Python multiprocessing module
Python provides an easy way to implement a multiprocess program. This ease of implementation is facilitated by the Python multiprocessing module, which provides important classes, such as the Process class to start new processes; the Queue, and Pipe classes to facilitate communication between multiple processes; and so on.
The following example provides a quick overview of how to use Python's multiprocessing library to create a URL loader that executes as a separate process to load a URL:
# url_loader.py
from multiprocessing import Process
import urllib.request
def load_url(url):
url_handle = urllib.request.urlopen(url)
url_data = url_handle.read()
# The data returned by read() call is in the bytearray format. We need to
# decode the data before we can print it.
html_data = url_data.decode('utf-8')
url_handle.close()
print(html_data)
if __name__ == '__main__':
url = 'http://www.w3c.org'
loader_process = Process(target=load_url, args=(url,))
print("Spawning a new process to load the url")
loader_process.start()
print("Waiting for the spawned process to exit")
loader_process.join()
print("Exiting…")
In this example, we created a simple program using the Python multiprocessing library, which loads a URL in the background and prints its information to stdout. The interesting bit here is understanding how easily we spawned a new process in our program. So, let's take a look. To achieve multiprocessing, we first import the Process class from Python's multiprocessing module. The next step is to create a function that takes the URL to load as a parameter and then loads that URL using Python's urllib module. Once the URL is loaded, we print the data from the URL to stdout.
Next, we define the code that runs when the program starts executing. Here, we have first defined the URL we want to load with the url variable. The next bit is where we introduce the multiprocessing in our program by creating an object of the Process class.
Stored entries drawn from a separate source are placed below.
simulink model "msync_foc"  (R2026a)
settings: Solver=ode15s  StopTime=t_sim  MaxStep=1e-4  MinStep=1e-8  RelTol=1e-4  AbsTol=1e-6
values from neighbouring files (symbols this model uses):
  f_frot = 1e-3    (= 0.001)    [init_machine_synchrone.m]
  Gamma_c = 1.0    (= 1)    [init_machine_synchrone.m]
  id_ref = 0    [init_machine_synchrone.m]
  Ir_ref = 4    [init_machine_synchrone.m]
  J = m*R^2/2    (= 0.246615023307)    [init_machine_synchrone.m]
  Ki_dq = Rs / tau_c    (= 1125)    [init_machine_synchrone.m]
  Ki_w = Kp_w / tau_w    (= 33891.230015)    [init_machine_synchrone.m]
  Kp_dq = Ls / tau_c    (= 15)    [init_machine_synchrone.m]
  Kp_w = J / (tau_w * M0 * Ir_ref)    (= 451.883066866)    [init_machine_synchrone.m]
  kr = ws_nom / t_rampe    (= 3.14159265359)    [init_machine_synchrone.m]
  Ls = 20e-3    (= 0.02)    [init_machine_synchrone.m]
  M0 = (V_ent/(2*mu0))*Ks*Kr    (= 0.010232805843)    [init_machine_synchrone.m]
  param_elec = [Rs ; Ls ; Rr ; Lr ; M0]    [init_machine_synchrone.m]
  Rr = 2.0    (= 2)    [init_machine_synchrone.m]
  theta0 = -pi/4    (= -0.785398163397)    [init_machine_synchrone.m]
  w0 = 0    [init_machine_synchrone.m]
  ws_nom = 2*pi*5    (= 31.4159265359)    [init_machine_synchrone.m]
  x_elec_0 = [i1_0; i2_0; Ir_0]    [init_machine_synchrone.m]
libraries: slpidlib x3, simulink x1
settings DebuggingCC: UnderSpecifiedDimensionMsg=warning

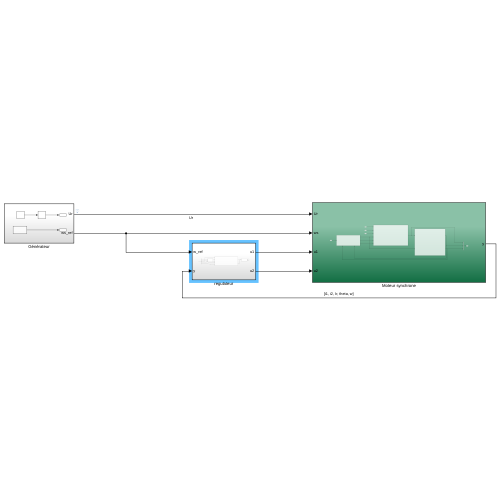
[thumbnail: Simulink's stored preview of the top-level diagram]
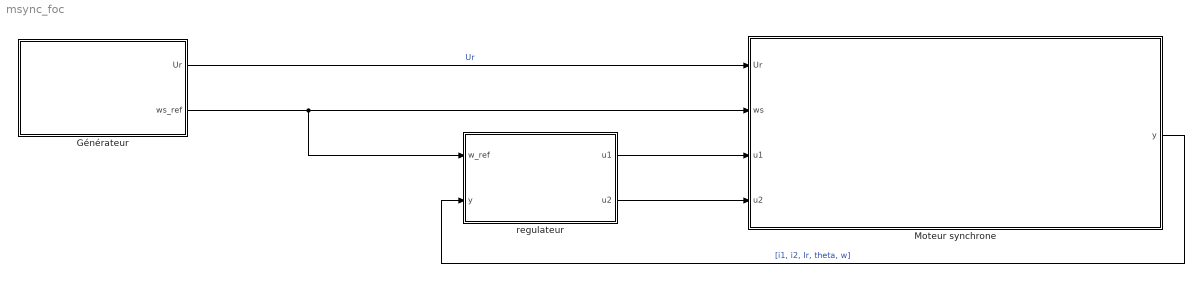
== system msync_foc ==
  Générateur : Subsystem
  Moteur synchrone : Subsystem
  regulateur : Subsystem
  wires:
  Générateur/1(Ur) -> Moteur synchrone/1(Ur)  "Ur"
  Générateur/2(ws_ref) -> Moteur synchrone/2(ws), regulateur/1(w_ref)
  regulateur/1(u1) -> Moteur synchrone/3(u1)
  regulateur/2(u2) -> Moteur synchrone/4(u2)
  Moteur synchrone/1(y) -> regulateur/2(y)  "[i1, i2, Ir, theta, w]"

== system msync_foc/Générateur ==
  Consigne rampe : simulink/Sources/Ramp  slope=kr  start=0  InitialOutput=20
  Constant : Constant  Value=Ir_ref/Rr
  Saturation : Saturate  UpperLimit=ws_nom  LowerLimit=-inf
  Ur : Outport
  ws_ref : Outport  Port=2
  wires:
  Constant/1 -> Ur/1
  Consigne rampe/1 -> Saturation/1
  Saturation/1 -> ws_ref/1

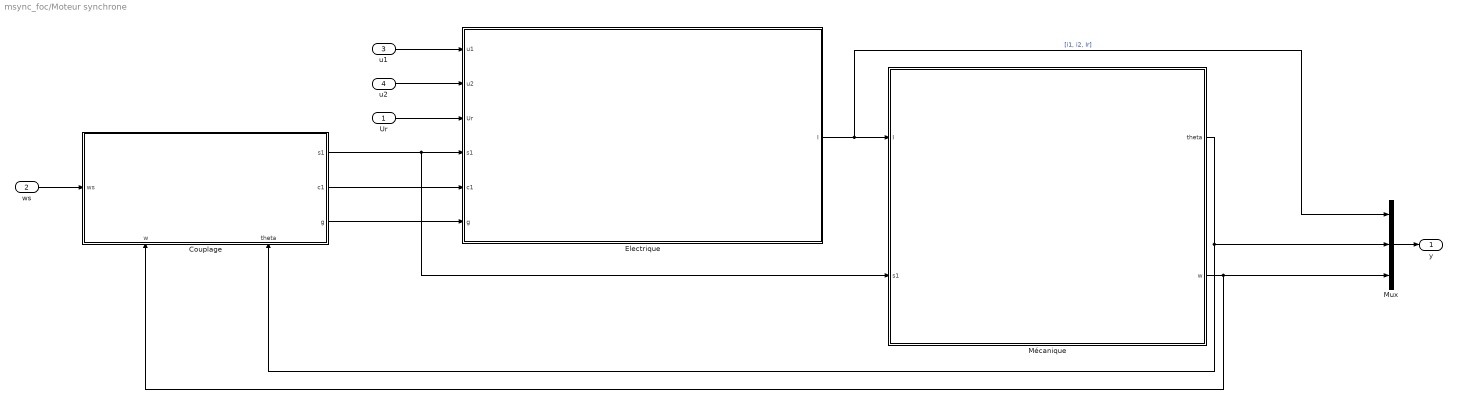
== system msync_foc/Moteur synchrone ==
  Ur : Inport
  ws : Inport  Port=2
  u1 : Inport  Port=3
  u2 : Inport  Port=4
  Couplage : Subsystem
      settings: PortSchema="{\"entries\":[{\"content\":{\"sides\":[{\"content\":{\"connectorIds\":[\"In1\"]},\"type\":\"ConnectorPlacement.EquallySpacedRectSide\",\"uuid\":\"9dc51e47-3ccd-4fcf-b58e-693782414d72\"},{\"content\":{\"connectorIds\":[\"Out1\",\"Out2\",\"Out3\"],\"side\":\"RIGHT\"},\"type\":\"ConnectorPlacement.EquallySpacedRectSide\",\"uuid\":\"19a88299-5411-4e53-b82f-2f137c46c168\"},{\"content\":{\"side\":\"TOP\"},\"type\":\"ConnectorPlacement.EquallySpacedRectSide\",\"uuid\":\"41370ab2-3a57-4936-8529-4b17c5065414\"},{\"content\":{\"connectorIds\":[\"In2\",\"In3\"],\"side\":\"BOTTOM\"},\"type\":\"ConnectorPlacement.EquallySpacedRectSide\",\"uuid\":\"3208a361-3d29-4bb8-a8eb-05b939f283cd\"}]},\"type\":\"ConnectorPlacement.EquallySpacedConnector\",\"uuid\":\"757f9aef-a381-4002-b608-7371e0c3c663\"}],\"packageUris\":[\"http://schema.mathworks.com/mf0/Connector/R2020b\"],\"version\":\"1.0\"}"
  Electrique : Subsystem
  Mux : Mux  Inputs=3
  Mécanique : Subsystem
  y : Outport
  wires:
  ws/1 -> Couplage/1(ws)
  Couplage/1(s1) -> Mécanique/2(s1), Electrique/4(s1)
  Couplage/3(g) -> Electrique/6(g)
  Mécanique/1(theta) -> Mux/2, Couplage/3(theta)
  Couplage/2(c1) -> Electrique/5(c1)
  Mécanique/2(w) -> Mux/3, Couplage/2(w)
  Ur/1 -> Electrique/3(Ur)
  u1/1 -> Electrique/1(u1)
  u2/1 -> Electrique/2(u2)
  Mux/1 -> y/1
  Electrique/1(I) -> Mux/1, Mécanique/1(I)  "[i1, i2, Ir]"

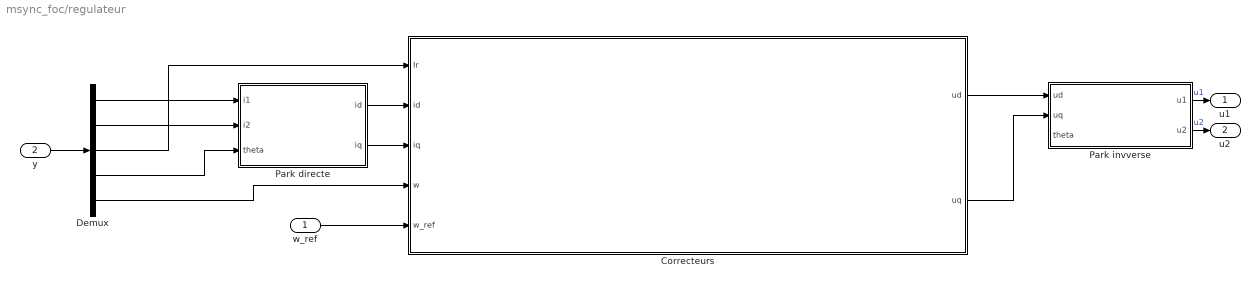
== system msync_foc/regulateur ==
  w_ref : Inport
  y : Inport  Port=2
  Correcteurs : Subsystem
  Demux : Demux  Outputs=5
  Park directe : Subsystem
  Park invverse : Subsystem
  u1 : Outport
  u2 : Outport  Port=2
  wires:
  w_ref/1 -> Correcteurs/5(w_ref)
  Park invverse/2(u2) -> u2/1  "u2"
  Park invverse/1(u1) -> u1/1  "u1"
  Demux/5 -> Correcteurs/4(w)
  Correcteurs/2(uq) -> Park invverse/2(uq)
  Correcteurs/1(ud) -> Park invverse/1(ud)
  Park directe/1(id) -> Correcteurs/2(id)
  Park directe/2(iq) -> Correcteurs/3(iq)
  y/1 -> Demux/1
  Demux/1 -> Park directe/1(i1)
  Demux/2 -> Park directe/2(i2)
  Demux/3 -> Correcteurs/1(Ir)
  Demux/4 -> Park directe/3(theta)

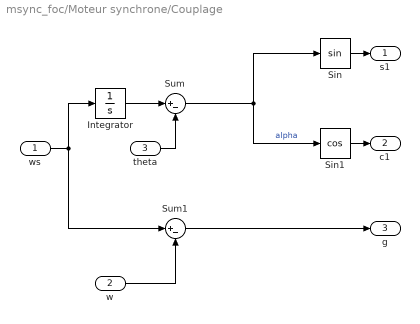
== system msync_foc/Moteur synchrone/Couplage ==
  ws : Inport
  w : Inport  Port=2
  theta : Inport  Port=3
  Integrator : Integrator
  Sin : Trigonometry
  Sin1 : Trigonometry  Operator=cos
  Sum : Sum  Inputs=|+-
  Sum1 : Sum  Inputs=|+-
  s1 : Outport
  c1 : Outport  Port=2
  g : Outport  Port=3
  wires:
  ws/1 -> Sum1/1, Integrator/1
  theta/1 -> Sum/2
  Integrator/1 -> Sum/1
  w/1 -> Sum1/2
  Sum/1 -> Sin1/1, Sin/1  "alpha"
  Sum1/1 -> g/1
  Sin/1 -> s1/1
  Sin1/1 -> c1/1

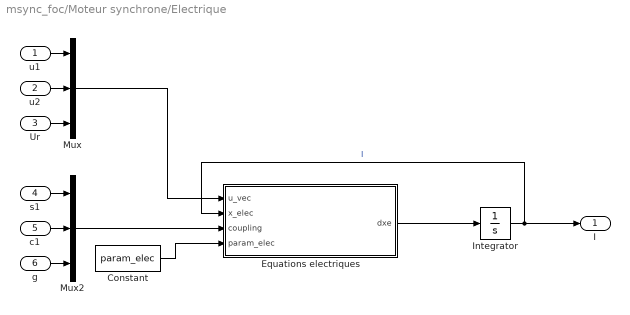
== system msync_foc/Moteur synchrone/Electrique ==
  u1 : Inport
  u2 : Inport  Port=2
  Ur : Inport  Port=3
  s1 : Inport  Port=4
  c1 : Inport  Port=5
  g : Inport  Port=6
  Constant : Constant  Value=param_elec
  Equations electriques : MATLAB Function  TreatAsAtomicUnit=on
  Integrator : Integrator  InitialCondition=x_elec_0'
  Mux : Mux  Inputs=3
  Mux2 : Mux  Inputs=3
  I : Outport
  wires:
  s1/1 -> Mux2/1
  Equations electriques/1(dxe) -> Integrator/1
  Mux2/1 -> Equations electriques/3(coupling)
  c1/1 -> Mux2/2
  Mux/1 -> Equations electriques/1(u_vec)
  u1/1 -> Mux/1
  u2/1 -> Mux/2
  Ur/1 -> Mux/3
  g/1 -> Mux2/3
  Constant/1 -> Equations electriques/4(param_elec)
  Integrator/1 -> I/1, Equations electriques/2(x_elec)  "I"

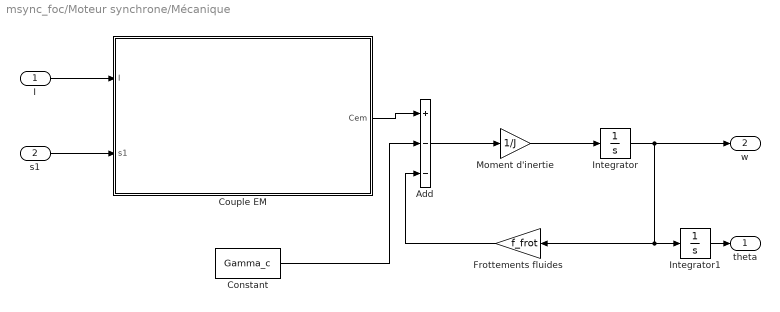
== system msync_foc/Moteur synchrone/Mécanique ==
  I : Inport
  s1 : Inport  Port=2
  Add : Sum  Inputs=+--
  Constant : Constant  Value=Gamma_c
  Couple EM : Subsystem
  Frottements fluides : Gain  Gain=f_frot
  Integrator : Integrator  InitialCondition=w0
  Integrator1 : Integrator  InitialCondition=theta0
  Moment d'inertie : Gain  Gain=1/J
  theta : Outport
  w : Outport  Port=2
  wires:
  Integrator/1 -> w/1, Integrator1/1, Frottements fluides/1
  I/1 -> Couple EM/1(I)
  Add/1 -> Moment d'inertie/1
  Moment d'inertie/1 -> Integrator/1
  Frottements fluides/1 -> Add/3
  s1/1 -> Couple EM/2(s1)
  Integrator1/1 -> theta/1
  Constant/1 -> Add/2
  Couple EM/1(Cem) -> Add/1

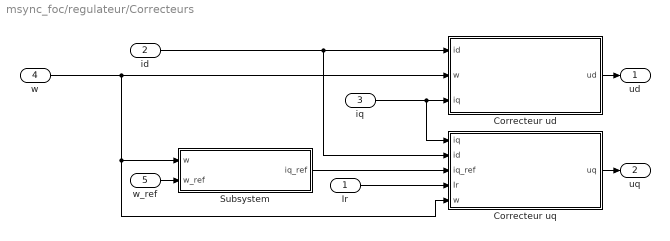
== system msync_foc/regulateur/Correcteurs ==
  Ir : Inport
  id : Inport  Port=2
  iq : Inport  Port=3
  w : Inport  Port=4
  w_ref : Inport  Port=5
  Correcteur ud : Subsystem
  Correcteur uq : Subsystem
  Subsystem : Subsystem
  ud : Outport
  uq : Outport  Port=2
  wires:
  Ir/1 -> Correcteur uq/4(Ir)
  id/1 -> Correcteur ud/1(id), Correcteur uq/2(id)
  w/1 -> Correcteur uq/5(w), Subsystem/1(w), Correcteur ud/2(w)
  Correcteur ud/1(ud) -> ud/1
  iq/1 -> Correcteur uq/1(iq), Correcteur ud/3(iq)
  Subsystem/1(iq_ref) -> Correcteur uq/3(iq_ref)
  Correcteur uq/1(uq) -> uq/1
  w_ref/1 -> Subsystem/2(w_ref)

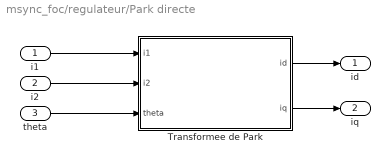
== system msync_foc/regulateur/Park directe ==
  i1 : Inport
  i2 : Inport  Port=2
  theta : Inport  Port=3
  Transformee de Park : MATLAB Function  TreatAsAtomicUnit=on
  id : Outport
  iq : Outport  Port=2
  wires:
  i1/1 -> Transformee de Park/1(i1)
  theta/1 -> Transformee de Park/3(theta)
  i2/1 -> Transformee de Park/2(i2)
  Transformee de Park/1(id) -> id/1
  Transformee de Park/2(iq) -> iq/1

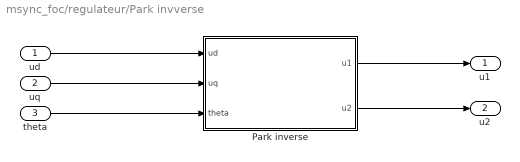
== system msync_foc/regulateur/Park invverse ==
  ud : Inport
  uq : Inport  Port=2
  theta : Inport  Port=3
  Park inverse : MATLAB Function  TreatAsAtomicUnit=on
  u1 : Outport
  u2 : Outport  Port=2
  wires:
  theta/1 -> Park inverse/3(theta)
  uq/1 -> Park inverse/2(uq)
  ud/1 -> Park inverse/1(ud)
  Park inverse/1(u1) -> u1/1
  Park inverse/2(u2) -> u2/1

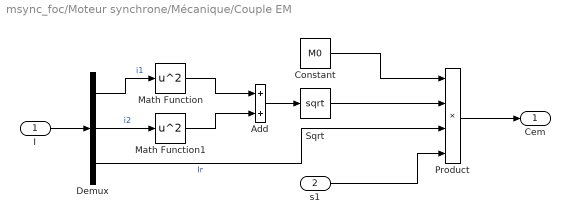
== system msync_foc/Moteur synchrone/Mécanique/Couple EM ==
  I : Inport
  s1 : Inport  Port=2
  Add : Sum
  Constant : Constant  Value=M0
  Demux : Demux  Outputs=3
  Math Function : Math  Operator=square
  Math Function1 : Math  Operator=square
  Product : Product  Inputs=4
  Sqrt : Sqrt
  Cem : Outport
  wires:
  Math Function/1 -> Add/1
  Math Function1/1 -> Add/2
  Add/1 -> Sqrt/1
  I/1 -> Demux/1
  Product/1 -> Cem/1
  Sqrt/1 -> Product/2
  Constant/1 -> Product/1
  s1/1 -> Product/4
  Demux/3 -> Product/3  "Ir"
  Demux/2 -> Math Function1/1  "i2"
  Demux/1 -> Math Function/1  "i1"

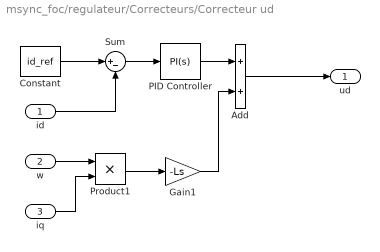
== system msync_foc/regulateur/Correcteurs/Correcteur ud ==
  id : Inport
  w : Inport  Port=2
  iq : Inport  Port=3
  Add : Sum
  Constant : Constant  Value=id_ref
  Gain1 : Gain  Gain=-Ls
  PID Controller : slpidlib/PID Controller  Controller=PI  Form=Parallel  TimeDomain=Continuous-time  UseExternalTs=off  SampleTime=-1  IntegratorMethod=Forward Euler  FilterMethod=Forward Euler  ControllerParametersSource=internal  P=Kp_dq  I=Ki_dq  UseKiTs=off  D=0  UseExternalDerivativeSource=off  N=100  UseFilter=on  TunerSelectOption=Transfer Function Based (PID Tuner App)  InitialConditionSource=internal  InitialConditionForIntegrator=0  InitialConditionForFilter=0  DifferentiatorICPrevScaledInput=0  ExternalReset=none  TrackingMode=off  Kt=1  LimitOutput=off  SatLimitsSource=internal  UpperSaturationLimit=inf  LowerSaturationLimit=-inf  LinearizeAsGain=on  AntiWindupMode=none  Kb=1  LimitIntegrator=off  UpperIntegratorSaturationLimit=inf  LowerIntegratorSaturationLimit=-inf  POutMin=[]  POutMax=[]  IOutMin=[]  IOutMax=[]  DOutMin=[]  DOutMax=[]  NOutMin=[]  NOutMax=[]  SumOutMin=[]  SumOutMax=[]  SaturationOutMin=[]  SaturationOutMax=[]  PParamMin=[]  PParamMax=[]  IParamMin=[]  IParamMax=[]  DParamMin=[]  DParamMax=[]  NParamMin=[]  NParamMax=[]  KbParamMin=[]  KbParamMax=[]  KtParamMin=[]  KtParamMax=[]  KbOutMin=[]  KbOutMax=[]  KtOutMin=[]  KtOutMax=[]  IntegratorOutMin=[]  IntegratorOutMax=[]  FilterOutMin=[]  FilterOutMax=[]  SumI1OutMin=[]  SumI1OutMax=[]  SumI2OutMin=[]  SumI2OutMax=[]  SumI3OutMin=[]  SumI3OutMax=[]  SumI4OutMin=[]  SumI4OutMax=[]  SumDOutMin=[]  SumDOutMax=[]  DifferentiatorOutMin=[]  DifferentiatorOutMax=[]  FilterDiffOutCoefMin=[]  FilterDiffOutCoefMax=[]  ReciprocalOutMin=[]  ReciprocalOutMax=[]  SumDenOutMin=[]  SumDenOutMax=[]  SumNumOutMin=[]  SumNumOutMax=[]  DivideOutMin=[]  DivideOutMax=[]  UdiffTsProdOutMin=[]  UdiffTsProdOutMax=[]  NTsProdOutMin=[]  NTsProdOutMax=[]  UintegralTsProdOutMin=[]  UintegralTsProdOutMax=[]  UngainTsProdOutMin=[]  UngainTsProdOutMax=[]  ClampingZeroOutDataTypeStr=Inherit: Inherit via back propagation  ClampingZeroOutMin=[]  ClampingZeroOutMax=[]  FilterDenConstantOutDataTypeStr=Inherit: Inherit via back propagation  FilterDenConstantOutMin=[]  FilterDenConstantOutMax=[]  PCopyOutDataTypeStr=Inherit: Inherit via back propagation  PCopyOutMin=[]  PCopyOutMax=[]  NCopyOutDataTypeStr=Inherit: Inherit via back propagation  NCopyOutMin=[]  NCopyOutMax=[]  IntegratorContinuousStateAttributes=''  IntegratorStateMustResolveToSignalObject=off  IntegratorRTWStateStorageClass=Auto  FilterContinuousStateAttributes=''  FilterStateMustResolveToSignalObject=off  FilterRTWStateStorageClass=Auto  ParallelPVariant=InternalParameters  IdealPVariant=Disabled  IVariant=InternalParameters  DVariant=Disabled  IntegratorVariant=Continuous  SatVariant=Disabled  AWVariant=Passthrough  PCopyVariant=Disabled  TRVariant=Disabled  FdbkBlocksVariant=Forward  IdealPFdbkVariant=Disabled  SatFdbkVariant=Disabled  DerivativeFilterVariant=Disabled  NVariant=Disabled  NCopyVariant=Disabled_SignalSpec  FilterICVariant=Disabled  IntegratorICVariant=InternalICs  ExternalResetVariant=Disabled  TRSumVariant=Passthrough  SumFdbkVariant=Disabled  SumVariant=Sum_PI  TsampFilterVariant=InternalTs  TsampNgainVariant=Passthrough  TsampIntegralVariant=Disabled_SignalSpec  ExternalSaturationOutDataTypeStr=Inherit: Same as second input  DerivativeSourceVariant=Disabled  PreIntVariant=InternalPreInt
  Product1 : Product
  Sum : Sum  Inputs=|+-
  ud : Outport
  wires:
  Constant/1 -> Sum/1
  Sum/1 -> PID Controller/1
  id/1 -> Sum/2
  PID Controller/1 -> Add/1
  Add/1 -> ud/1
  iq/1 -> Product1/2
  w/1 -> Product1/1
  Product1/1 -> Gain1/1
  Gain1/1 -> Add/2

For this object, we provide the target parameter as the function we want to execute. This is similar to the target method we have grown accustomed to while using the Python threading library. The next parameter to the Process constructor is the args parameter, which takes in the arguments that need to be passed to the target function while calling it.
To spawn a new process, we make a call to the start()method of the Process object. This spawns a new process in which our target function starts executing and doing its magic. The last thing we do is to wait for this spawned process to exit by calling the join() method of the Process class.
This is as simple as it gets to create a multiprocess application in Python.
Now, we know how to create a multiprocess application in Python, but how do we divide a particular set of tasks between multiple processes. Well, that's quite easy. The following code sample modifies the entrypoint code from our previous example to exploit the power of the Pool class from the multiprocessing module to achieve this:
from multiprocessing import Pool
if __name__ == '__main__':
url = ['http://www.w3c.org', 'http://www.microsoft.com', '[http://www.wikipedia.org', '[http://www.packt.com']
with Pool(4) as loader_pool:
loader_pool.map(load_url, url)
In this example, we used the Pool class from the multiprocessing library to create a pool of four processes that will execute our code. Using the map method of the Pool class, we then map the input data to the executing function in a separate process to achieve concurrency.
Now, we have multiple processes churning through our tasks. But what if we wanted to make these processes communicate with each other. For example, in the previous problem of URL loading, instead of printing the data on stdout, we wanted the process to return that data instead? The answer to this lies in the use of pipe, which provides a two-way mechanism for the processes to communicate with each other.
The following example utilizes pipes to make the URL loader send the data loaded from the URL back to the parent process:
# url_load_pipe.py
from multiprocessing import Process, Pipe
import urllib.request
def load_url(url, pipe):
url_handle = urllib.request.urlopen(url)
url_data = url_handle.read()
# The data returned by read() call is in the bytearray format. We need to
# decode the data before we can print it.
html_data = url_data.decode('utf-8')
url_handle.close()
pipe.send(html_data)
if __name__ == '__main__':
url = 'http://www.w3c.org'
parent_pipe, child_pipe = Pipe()
loader_process = Process(target=load_url, args=(url, child_pipe))
print("Spawning a new process to load the url")
loader_process.start()
print("Waiting for the spawned process to exit")
html_data = parent_pipe.recv()
print(html_data)
loader_process.join()
print("Exiting…")
In this example, we have used pipes to provide a two-way communication mechanism for the parent and child processes to talk to each other. When we make a call to the pipe constructor inside the __main__ section of the code, the constructor returns a pair of connection objects. Each of these connection objects contains a send() and a recv() method facilitating communication between the ends. Data sent from the child_pipe using the send()method can be read by the parent_pipe using the recv()method of the parent_pipe and vice versa.